▸ **Data records**
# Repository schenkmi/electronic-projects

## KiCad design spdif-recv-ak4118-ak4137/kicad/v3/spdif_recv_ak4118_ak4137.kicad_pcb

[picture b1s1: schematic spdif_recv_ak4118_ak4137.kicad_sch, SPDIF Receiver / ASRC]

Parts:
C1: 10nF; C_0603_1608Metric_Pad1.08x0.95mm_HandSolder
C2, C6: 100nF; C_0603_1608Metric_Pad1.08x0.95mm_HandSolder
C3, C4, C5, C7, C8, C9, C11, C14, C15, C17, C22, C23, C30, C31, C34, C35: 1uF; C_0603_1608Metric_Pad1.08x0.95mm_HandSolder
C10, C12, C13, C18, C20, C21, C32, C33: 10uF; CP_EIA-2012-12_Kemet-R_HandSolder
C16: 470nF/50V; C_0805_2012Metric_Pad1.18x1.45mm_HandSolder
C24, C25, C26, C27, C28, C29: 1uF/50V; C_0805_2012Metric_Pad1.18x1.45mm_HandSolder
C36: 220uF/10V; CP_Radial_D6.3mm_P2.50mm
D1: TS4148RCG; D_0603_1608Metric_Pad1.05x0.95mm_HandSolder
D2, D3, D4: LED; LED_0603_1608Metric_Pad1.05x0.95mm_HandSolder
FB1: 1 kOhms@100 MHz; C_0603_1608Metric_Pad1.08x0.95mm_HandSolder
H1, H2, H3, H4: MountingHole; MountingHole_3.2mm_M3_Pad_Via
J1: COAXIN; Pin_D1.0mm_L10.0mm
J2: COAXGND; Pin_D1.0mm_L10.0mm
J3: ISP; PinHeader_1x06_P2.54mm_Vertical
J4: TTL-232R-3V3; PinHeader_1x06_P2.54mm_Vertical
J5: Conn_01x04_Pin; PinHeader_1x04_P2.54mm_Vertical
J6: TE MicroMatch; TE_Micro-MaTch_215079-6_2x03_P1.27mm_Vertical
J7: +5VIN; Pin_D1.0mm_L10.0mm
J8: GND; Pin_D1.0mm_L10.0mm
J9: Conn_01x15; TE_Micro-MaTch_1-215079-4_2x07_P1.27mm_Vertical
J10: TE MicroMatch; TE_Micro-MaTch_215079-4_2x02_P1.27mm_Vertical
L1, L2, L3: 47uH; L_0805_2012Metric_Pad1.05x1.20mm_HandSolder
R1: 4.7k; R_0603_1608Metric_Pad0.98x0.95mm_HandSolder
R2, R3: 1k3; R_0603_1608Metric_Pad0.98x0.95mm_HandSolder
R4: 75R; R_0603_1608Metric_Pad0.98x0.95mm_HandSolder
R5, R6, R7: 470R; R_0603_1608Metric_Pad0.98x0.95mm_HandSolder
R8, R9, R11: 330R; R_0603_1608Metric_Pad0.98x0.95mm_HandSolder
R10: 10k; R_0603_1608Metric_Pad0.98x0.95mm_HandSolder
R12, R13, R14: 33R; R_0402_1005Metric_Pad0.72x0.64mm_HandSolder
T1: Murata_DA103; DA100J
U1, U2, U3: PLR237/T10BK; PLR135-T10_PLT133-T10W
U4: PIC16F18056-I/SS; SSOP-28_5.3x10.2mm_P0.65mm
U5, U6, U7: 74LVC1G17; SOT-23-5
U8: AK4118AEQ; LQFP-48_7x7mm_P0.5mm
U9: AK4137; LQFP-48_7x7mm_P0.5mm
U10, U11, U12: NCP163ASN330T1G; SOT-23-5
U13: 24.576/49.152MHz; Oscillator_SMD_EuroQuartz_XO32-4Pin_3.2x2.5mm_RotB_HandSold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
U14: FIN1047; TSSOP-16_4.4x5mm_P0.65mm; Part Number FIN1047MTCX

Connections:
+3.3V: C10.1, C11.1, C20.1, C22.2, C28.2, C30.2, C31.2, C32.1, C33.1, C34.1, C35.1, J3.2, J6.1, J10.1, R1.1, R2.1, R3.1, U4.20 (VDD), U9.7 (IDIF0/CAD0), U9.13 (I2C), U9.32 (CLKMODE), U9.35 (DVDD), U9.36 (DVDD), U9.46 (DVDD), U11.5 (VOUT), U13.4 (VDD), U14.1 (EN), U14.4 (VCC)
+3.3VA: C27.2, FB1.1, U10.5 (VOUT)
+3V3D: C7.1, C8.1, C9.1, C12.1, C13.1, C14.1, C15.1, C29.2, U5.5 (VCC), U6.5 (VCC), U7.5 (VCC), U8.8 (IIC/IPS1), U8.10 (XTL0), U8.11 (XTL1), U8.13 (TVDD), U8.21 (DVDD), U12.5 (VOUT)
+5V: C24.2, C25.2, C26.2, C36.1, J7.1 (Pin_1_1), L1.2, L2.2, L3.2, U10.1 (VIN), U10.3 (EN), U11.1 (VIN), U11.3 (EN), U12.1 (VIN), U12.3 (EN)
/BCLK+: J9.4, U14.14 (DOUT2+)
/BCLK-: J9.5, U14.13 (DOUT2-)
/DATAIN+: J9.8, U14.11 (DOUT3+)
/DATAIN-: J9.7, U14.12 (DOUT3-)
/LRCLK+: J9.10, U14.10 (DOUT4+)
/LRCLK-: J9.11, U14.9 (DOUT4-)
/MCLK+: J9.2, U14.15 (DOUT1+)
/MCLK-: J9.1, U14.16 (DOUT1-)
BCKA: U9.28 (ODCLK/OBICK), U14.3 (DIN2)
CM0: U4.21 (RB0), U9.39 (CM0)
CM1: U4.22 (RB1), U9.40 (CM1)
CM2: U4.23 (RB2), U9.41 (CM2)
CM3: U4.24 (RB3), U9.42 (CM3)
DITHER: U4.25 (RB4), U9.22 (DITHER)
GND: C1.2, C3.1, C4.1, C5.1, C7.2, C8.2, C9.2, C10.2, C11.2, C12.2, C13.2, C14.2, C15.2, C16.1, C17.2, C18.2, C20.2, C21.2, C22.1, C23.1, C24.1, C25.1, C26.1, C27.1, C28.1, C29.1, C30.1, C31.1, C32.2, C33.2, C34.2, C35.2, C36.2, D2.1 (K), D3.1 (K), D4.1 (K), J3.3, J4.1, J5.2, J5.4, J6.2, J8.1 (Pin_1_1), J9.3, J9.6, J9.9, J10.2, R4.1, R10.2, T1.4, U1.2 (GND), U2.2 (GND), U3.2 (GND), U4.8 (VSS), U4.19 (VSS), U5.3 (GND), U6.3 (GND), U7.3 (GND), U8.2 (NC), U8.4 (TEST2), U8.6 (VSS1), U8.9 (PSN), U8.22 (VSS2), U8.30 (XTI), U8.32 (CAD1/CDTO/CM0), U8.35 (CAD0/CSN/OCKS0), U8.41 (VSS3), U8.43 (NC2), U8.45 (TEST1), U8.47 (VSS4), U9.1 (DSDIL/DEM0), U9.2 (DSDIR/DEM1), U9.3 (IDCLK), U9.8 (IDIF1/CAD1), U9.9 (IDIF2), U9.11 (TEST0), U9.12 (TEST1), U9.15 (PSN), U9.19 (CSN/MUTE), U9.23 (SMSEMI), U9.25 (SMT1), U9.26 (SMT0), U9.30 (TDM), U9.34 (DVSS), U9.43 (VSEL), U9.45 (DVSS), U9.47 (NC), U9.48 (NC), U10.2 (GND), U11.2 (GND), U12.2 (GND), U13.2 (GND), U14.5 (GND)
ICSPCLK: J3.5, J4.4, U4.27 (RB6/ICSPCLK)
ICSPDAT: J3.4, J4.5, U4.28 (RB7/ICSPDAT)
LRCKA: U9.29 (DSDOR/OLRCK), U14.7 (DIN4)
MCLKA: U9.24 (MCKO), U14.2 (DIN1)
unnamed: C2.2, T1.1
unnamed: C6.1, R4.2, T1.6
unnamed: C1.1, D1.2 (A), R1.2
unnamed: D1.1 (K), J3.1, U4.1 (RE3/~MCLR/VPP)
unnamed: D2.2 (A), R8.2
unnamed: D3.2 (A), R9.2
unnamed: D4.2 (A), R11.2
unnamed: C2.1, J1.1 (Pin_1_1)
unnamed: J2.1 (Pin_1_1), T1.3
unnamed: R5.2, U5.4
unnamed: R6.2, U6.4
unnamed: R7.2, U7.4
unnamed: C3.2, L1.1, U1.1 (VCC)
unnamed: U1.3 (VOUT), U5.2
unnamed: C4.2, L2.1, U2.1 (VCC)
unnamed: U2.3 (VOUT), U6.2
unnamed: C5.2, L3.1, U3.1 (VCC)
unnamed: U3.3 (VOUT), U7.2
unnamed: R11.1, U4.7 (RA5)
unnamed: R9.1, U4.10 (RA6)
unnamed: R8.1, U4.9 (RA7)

▸ **Work instructions**
Give again, unchanged, the lines running from the top of the material above through the line that has "U8: AK4118AEQ; LQFP-48_7x7mm_P0.5mm", and nothing more.

▸ **Answer area**
# Repository schenkmi/electronic-projects

## KiCad design spdif-recv-ak4118-ak4137/kicad/v3/spdif_recv_ak4118_ak4137.kicad_pcb

[picture b1s1: schematic spdif_recv_ak4118_ak4137.kicad_sch, SPDIF Receiver / ASRC]

Parts:
C1: 10nF; C_0603_1608Metric_Pad1.08x0.95mm_HandSolder
C2, C6: 100nF; C_0603_1608Metric_Pad1.08x0.95mm_HandSolder
C3, C4, C5, C7, C8, C9, C11, C14, C15, C17, C22, C23, C30, C31, C34, C35: 1uF; C_0603_1608Metric_Pad1.08x0.95mm_HandSolder
C10, C12, C13, C18, C20, C21, C32, C33: 10uF; CP_EIA-2012-12_Kemet-R_HandSolder
C16: 470nF/50V; C_0805_2012Metric_Pad1.18x1.45mm_HandSolder
C24, C25, C26, C27, C28, C29: 1uF/50V; C_0805_2012Metric_Pad1.18x1.45mm_HandSolder
C36: 220uF/10V; CP_Radial_D6.3mm_P2.50mm
D1: TS4148RCG; D_0603_1608Metric_Pad1.05x0.95mm_HandSolder
D2, D3, D4: LED; LED_0603_1608Metric_Pad1.05x0.95mm_HandSolder
FB1: 1 kOhms@100 MHz; C_0603_1608Metric_Pad1.08x0.95mm_HandSolder
H1, H2, H3, H4: MountingHole; MountingHole_3.2mm_M3_Pad_Via
J1: COAXIN; Pin_D1.0mm_L10.0mm
J2: COAXGND; Pin_D1.0mm_L10.0mm
J3: ISP; PinHeader_1x06_P2.54mm_Vertical
J4: TTL-232R-3V3; PinHeader_1x06_P2.54mm_Vertical
J5: Conn_01x04_Pin; PinHeader_1x04_P2.54mm_Vertical
J6: TE MicroMatch; TE_Micro-MaTch_215079-6_2x03_P1.27mm_Vertical
J7: +5VIN; Pin_D1.0mm_L10.0mm
J8: GND; Pin_D1.0mm_L10.0mm
J9: Conn_01x15; TE_Micro-MaTch_1-215079-4_2x07_P1.27mm_Vertical
J10: TE MicroMatch; TE_Micro-MaTch_215079-4_2x02_P1.27mm_Vertical
L1, L2, L3: 47uH; L_0805_2012Metric_Pad1.05x1.20mm_HandSolder
R1: 4.7k; R_0603_1608Metric_Pad0.98x0.95mm_HandSolder
R2, R3: 1k3; R_0603_1608Metric_Pad0.98x0.95mm_HandSolder
R4: 75R; R_0603_1608Metric_Pad0.98x0.95mm_HandSolder
R5, R6, R7: 470R; R_0603_1608Metric_Pad0.98x0.95mm_HandSolder
R8, R9, R11: 330R; R_0603_1608Metric_Pad0.98x0.95mm_HandSolder
R10: 10k; R_0603_1608Metric_Pad0.98x0.95mm_HandSolder
R12, R13, R14: 33R; R_0402_1005Metric_Pad0.72x0.64mm_HandSolder
T1: Murata_DA103; DA100J
U1, U2, U3: PLR237/T10BK; PLR135-T10_PLT133-T10W
U4: PIC16F18056-I/SS; SSOP-28_5.3x10.2mm_P0.65mm
U5, U6, U7: 74LVC1G17; SOT-23-5
U8: AK4118AEQ; LQFP-48_7x7mm_P0.5mm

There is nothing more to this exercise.